Task objective
Exactly and only the lines from the first entry through the line with "import ezdxf" should be copied, both ends included, with no pictures.

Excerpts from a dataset

----------

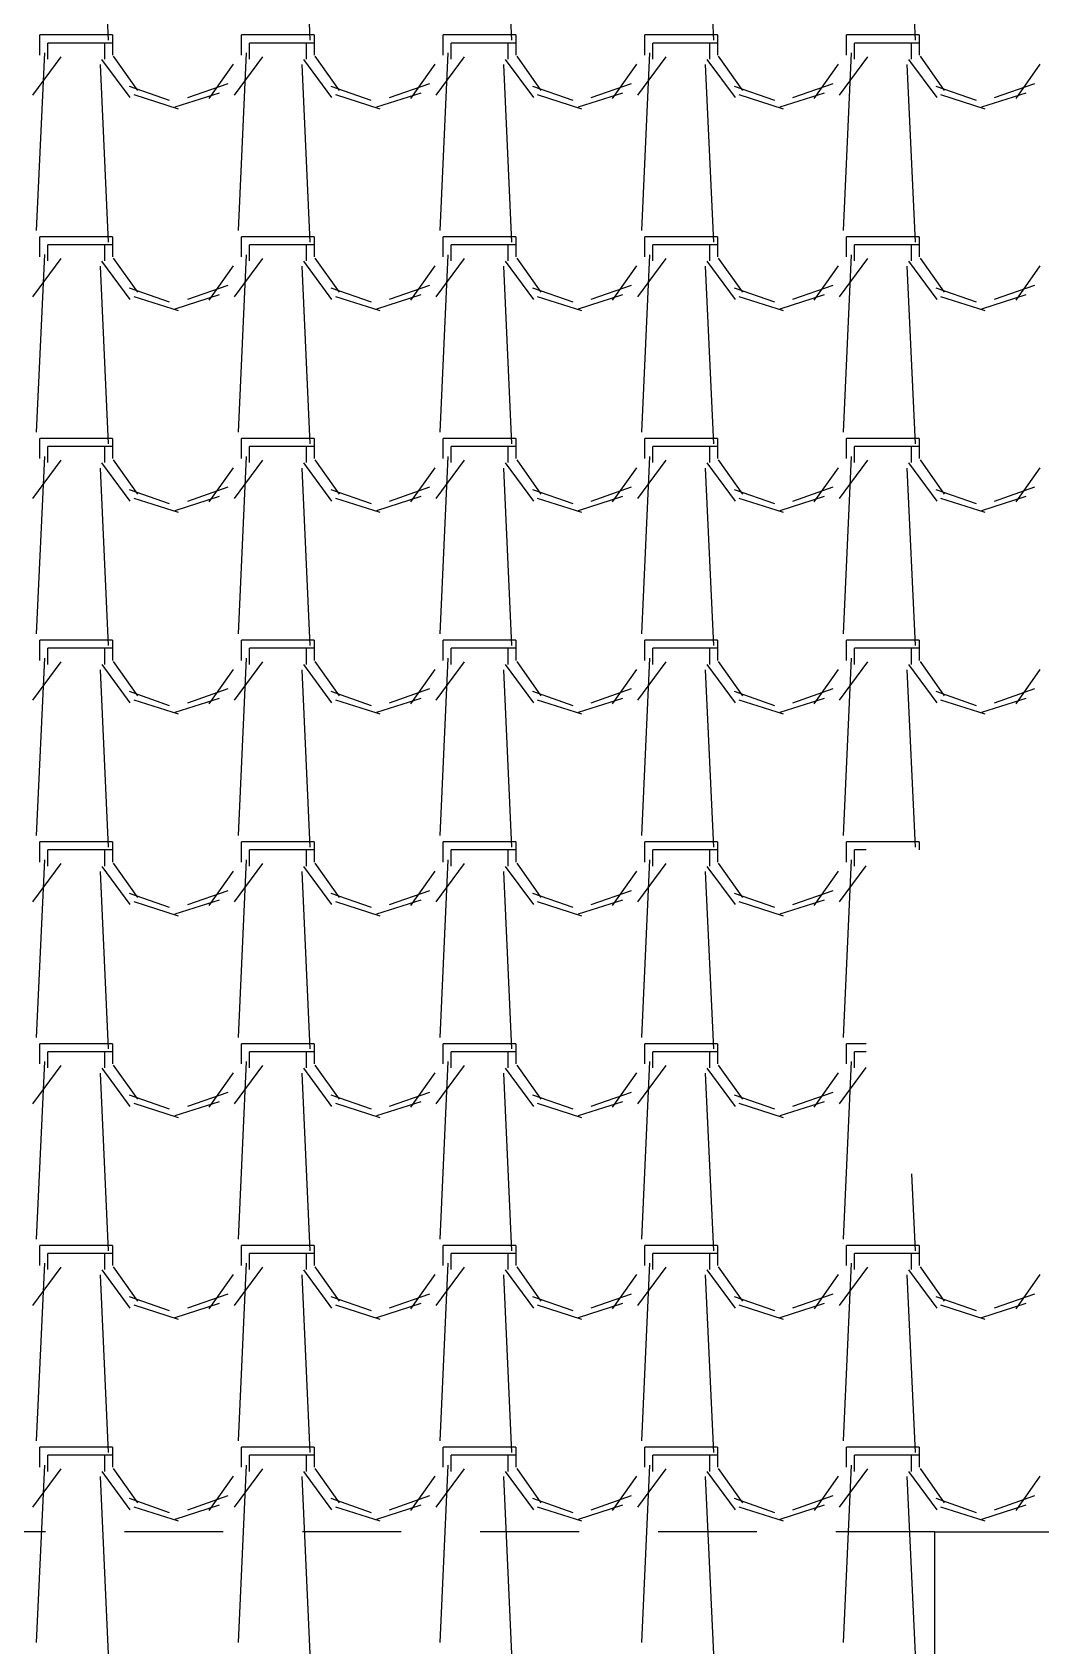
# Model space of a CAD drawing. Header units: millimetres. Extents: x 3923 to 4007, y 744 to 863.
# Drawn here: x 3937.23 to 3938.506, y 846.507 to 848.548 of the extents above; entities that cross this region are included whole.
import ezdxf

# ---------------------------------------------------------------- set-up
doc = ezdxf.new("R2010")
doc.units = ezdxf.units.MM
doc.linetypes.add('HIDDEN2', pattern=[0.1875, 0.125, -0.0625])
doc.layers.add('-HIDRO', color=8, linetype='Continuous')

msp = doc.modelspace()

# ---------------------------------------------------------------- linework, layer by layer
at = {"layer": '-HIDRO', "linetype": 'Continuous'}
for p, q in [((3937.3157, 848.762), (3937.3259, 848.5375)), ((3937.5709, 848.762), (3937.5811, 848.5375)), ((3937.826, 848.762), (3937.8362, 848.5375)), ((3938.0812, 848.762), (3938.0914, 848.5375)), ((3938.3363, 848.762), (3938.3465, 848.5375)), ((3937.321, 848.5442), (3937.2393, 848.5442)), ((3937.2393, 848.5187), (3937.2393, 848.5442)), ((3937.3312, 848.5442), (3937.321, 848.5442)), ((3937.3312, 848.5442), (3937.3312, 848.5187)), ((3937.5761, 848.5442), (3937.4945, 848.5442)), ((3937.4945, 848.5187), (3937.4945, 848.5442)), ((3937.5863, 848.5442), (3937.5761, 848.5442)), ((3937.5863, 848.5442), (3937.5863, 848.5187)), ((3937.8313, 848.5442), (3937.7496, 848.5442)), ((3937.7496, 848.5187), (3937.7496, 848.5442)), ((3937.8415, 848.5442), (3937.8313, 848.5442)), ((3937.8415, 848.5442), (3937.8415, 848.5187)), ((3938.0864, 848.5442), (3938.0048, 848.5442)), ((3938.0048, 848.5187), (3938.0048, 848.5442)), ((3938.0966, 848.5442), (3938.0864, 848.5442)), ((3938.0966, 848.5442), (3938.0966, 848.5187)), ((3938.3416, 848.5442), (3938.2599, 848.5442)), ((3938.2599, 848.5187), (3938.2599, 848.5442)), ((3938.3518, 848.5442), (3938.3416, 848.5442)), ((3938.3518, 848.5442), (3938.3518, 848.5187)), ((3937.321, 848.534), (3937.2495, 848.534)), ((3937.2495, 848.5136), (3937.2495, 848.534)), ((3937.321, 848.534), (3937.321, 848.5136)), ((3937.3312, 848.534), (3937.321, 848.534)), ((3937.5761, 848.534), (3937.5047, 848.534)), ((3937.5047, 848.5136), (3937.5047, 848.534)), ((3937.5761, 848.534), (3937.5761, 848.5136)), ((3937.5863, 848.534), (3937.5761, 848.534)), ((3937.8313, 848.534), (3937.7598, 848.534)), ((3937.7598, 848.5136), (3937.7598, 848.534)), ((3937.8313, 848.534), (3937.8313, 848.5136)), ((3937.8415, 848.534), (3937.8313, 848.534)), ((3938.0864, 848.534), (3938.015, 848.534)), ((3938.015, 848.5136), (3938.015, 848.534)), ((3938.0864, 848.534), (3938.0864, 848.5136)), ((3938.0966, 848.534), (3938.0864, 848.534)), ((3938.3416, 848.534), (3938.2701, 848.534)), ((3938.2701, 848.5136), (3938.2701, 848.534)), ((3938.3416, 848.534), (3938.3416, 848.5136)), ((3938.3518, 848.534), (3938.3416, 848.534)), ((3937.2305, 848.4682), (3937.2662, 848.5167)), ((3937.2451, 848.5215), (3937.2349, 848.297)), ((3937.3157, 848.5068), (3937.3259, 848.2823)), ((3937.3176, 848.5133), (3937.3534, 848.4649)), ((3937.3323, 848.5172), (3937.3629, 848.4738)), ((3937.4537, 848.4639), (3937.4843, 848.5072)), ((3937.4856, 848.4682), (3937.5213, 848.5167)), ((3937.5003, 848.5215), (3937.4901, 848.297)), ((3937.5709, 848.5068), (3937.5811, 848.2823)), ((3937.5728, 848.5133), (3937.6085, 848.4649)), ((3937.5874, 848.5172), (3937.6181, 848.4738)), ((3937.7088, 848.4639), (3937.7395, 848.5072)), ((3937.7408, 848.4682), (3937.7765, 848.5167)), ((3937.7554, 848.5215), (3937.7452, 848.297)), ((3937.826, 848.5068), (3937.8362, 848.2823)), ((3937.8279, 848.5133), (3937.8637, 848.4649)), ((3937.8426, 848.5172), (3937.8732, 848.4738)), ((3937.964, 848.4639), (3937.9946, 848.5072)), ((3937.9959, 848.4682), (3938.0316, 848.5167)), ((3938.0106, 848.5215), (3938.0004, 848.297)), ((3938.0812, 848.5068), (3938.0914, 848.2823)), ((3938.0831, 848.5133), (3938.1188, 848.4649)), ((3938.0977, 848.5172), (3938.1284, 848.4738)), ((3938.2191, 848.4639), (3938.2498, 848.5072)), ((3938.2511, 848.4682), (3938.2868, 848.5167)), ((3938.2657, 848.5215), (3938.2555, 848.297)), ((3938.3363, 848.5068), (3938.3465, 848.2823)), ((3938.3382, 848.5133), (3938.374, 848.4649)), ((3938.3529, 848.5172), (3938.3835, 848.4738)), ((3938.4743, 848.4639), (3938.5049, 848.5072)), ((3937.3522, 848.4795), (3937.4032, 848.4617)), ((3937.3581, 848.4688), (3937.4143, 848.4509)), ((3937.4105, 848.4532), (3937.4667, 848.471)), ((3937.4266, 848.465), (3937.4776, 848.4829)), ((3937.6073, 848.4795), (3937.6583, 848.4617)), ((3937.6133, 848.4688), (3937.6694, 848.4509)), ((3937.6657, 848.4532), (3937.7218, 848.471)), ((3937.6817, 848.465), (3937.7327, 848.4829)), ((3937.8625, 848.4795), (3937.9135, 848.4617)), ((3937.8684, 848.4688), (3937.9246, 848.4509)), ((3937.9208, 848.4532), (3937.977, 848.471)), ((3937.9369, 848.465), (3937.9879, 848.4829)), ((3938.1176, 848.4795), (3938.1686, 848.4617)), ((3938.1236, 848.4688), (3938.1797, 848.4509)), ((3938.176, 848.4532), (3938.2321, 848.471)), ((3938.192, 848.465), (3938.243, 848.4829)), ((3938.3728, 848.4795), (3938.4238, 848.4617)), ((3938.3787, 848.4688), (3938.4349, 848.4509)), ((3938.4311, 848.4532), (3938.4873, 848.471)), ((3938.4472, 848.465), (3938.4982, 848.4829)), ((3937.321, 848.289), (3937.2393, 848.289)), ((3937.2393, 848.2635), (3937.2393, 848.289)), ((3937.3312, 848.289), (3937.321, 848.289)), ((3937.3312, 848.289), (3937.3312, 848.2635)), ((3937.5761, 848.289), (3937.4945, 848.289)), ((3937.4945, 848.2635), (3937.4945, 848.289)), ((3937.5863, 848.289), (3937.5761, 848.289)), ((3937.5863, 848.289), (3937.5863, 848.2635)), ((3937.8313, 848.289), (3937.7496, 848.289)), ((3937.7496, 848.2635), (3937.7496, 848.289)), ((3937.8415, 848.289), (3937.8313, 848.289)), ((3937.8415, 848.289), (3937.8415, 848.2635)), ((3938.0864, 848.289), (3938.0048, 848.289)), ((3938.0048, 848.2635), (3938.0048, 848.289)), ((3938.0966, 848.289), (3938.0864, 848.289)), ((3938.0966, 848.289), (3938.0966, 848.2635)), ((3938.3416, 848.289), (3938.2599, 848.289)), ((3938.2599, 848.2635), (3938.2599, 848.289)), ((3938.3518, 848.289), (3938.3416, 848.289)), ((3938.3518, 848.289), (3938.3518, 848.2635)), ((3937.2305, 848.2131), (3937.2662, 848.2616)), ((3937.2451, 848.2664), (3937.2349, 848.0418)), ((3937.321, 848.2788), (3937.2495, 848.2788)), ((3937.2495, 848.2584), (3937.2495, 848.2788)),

----------

Response to this exercise
# Model space of a CAD drawing. Header units: millimetres. Extents: x 3923 to 4007, y 744 to 863.
# Drawn here: x 3937.23 to 3938.506, y 846.507 to 848.548 of the extents above; entities that cross this region are included whole.
import ezdxf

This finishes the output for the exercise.